:: Material to process ::
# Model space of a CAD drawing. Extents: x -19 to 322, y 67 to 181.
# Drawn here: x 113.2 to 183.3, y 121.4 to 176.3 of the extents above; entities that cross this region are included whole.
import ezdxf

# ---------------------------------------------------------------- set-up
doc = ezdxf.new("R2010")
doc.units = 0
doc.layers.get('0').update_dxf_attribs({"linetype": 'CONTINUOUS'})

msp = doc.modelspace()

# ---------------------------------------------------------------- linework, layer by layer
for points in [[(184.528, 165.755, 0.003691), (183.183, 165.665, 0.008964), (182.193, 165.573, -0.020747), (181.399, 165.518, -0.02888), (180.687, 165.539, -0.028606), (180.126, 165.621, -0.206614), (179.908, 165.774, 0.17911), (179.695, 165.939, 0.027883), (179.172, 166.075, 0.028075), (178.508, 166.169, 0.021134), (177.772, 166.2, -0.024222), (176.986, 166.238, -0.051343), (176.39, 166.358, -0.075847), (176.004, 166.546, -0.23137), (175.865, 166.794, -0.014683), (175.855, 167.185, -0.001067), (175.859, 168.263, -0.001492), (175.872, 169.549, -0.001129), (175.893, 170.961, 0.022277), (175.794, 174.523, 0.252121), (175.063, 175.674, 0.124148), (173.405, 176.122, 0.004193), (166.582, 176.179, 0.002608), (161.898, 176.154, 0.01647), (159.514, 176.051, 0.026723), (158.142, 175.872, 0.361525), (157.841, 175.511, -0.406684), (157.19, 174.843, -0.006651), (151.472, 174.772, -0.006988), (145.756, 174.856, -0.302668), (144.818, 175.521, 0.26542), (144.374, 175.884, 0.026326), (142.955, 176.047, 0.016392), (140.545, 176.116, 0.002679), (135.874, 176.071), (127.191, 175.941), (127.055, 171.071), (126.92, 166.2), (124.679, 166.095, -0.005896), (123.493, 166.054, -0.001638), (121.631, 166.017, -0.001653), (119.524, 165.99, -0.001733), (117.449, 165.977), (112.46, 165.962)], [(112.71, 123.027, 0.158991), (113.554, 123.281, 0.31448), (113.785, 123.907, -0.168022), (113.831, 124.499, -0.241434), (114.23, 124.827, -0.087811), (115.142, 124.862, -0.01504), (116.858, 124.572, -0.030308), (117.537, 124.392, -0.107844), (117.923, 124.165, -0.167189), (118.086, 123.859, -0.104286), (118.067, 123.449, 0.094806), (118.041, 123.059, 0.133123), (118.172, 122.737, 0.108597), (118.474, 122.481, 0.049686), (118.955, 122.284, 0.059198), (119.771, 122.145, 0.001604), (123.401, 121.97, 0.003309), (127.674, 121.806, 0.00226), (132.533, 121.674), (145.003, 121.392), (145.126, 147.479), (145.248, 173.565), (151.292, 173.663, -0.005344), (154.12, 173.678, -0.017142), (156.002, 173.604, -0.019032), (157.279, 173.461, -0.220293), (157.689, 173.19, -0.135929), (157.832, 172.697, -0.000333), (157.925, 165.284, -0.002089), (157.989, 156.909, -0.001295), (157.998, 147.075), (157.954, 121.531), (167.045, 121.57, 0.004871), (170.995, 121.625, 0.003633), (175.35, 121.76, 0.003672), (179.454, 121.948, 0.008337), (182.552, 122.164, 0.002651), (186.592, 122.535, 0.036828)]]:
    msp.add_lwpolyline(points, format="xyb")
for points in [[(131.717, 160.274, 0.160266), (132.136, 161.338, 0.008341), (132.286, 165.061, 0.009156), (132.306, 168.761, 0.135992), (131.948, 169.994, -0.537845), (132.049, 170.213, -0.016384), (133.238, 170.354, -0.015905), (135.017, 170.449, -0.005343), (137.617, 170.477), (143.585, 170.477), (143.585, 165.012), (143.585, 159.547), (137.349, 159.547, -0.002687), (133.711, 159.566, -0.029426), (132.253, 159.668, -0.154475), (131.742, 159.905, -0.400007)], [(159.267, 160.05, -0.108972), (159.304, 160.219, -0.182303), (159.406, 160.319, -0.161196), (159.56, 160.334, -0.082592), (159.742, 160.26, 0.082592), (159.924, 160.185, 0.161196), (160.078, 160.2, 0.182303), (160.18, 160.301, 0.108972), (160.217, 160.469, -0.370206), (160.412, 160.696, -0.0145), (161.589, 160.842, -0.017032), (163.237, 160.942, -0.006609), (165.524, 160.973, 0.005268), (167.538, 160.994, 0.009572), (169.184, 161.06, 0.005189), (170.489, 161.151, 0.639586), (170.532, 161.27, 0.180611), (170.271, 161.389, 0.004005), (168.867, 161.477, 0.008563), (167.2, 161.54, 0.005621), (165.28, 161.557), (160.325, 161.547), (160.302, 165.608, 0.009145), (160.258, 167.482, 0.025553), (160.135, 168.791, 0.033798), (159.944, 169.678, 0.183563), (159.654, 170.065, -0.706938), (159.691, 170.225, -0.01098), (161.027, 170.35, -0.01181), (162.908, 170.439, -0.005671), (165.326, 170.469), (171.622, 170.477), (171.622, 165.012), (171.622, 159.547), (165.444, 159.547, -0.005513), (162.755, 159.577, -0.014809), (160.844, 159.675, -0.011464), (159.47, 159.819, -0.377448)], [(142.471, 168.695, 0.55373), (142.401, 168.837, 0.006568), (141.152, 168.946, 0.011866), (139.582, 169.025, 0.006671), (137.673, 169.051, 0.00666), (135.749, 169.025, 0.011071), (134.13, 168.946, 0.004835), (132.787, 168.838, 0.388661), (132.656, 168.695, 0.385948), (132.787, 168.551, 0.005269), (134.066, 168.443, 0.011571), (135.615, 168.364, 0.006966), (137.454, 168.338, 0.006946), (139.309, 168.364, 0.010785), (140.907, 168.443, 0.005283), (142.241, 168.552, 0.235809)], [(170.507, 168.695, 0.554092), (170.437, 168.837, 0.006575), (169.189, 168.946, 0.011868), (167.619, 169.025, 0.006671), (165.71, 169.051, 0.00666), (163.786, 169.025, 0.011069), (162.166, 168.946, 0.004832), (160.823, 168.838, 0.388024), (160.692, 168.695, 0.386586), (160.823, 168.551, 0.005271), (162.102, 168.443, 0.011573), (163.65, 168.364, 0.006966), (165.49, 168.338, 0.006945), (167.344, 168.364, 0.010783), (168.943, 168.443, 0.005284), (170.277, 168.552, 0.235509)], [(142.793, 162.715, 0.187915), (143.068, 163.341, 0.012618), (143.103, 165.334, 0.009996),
:::
Each line from the top of the records down to the one with "layer by layer" must be retyped exactly; include both ends and nothing else.

Exercise result:
# Model space of a CAD drawing. Extents: x -19 to 322, y 67 to 181.
# Drawn here: x 113.2 to 183.3, y 121.4 to 176.3 of the extents above; entities that cross this region are included whole.
import ezdxf

# ---------------------------------------------------------------- set-up
doc = ezdxf.new("R2010")
doc.units = 0
doc.layers.get('0').update_dxf_attribs({"linetype": 'CONTINUOUS'})

msp = doc.modelspace()

# ---------------------------------------------------------------- linework, layer by layer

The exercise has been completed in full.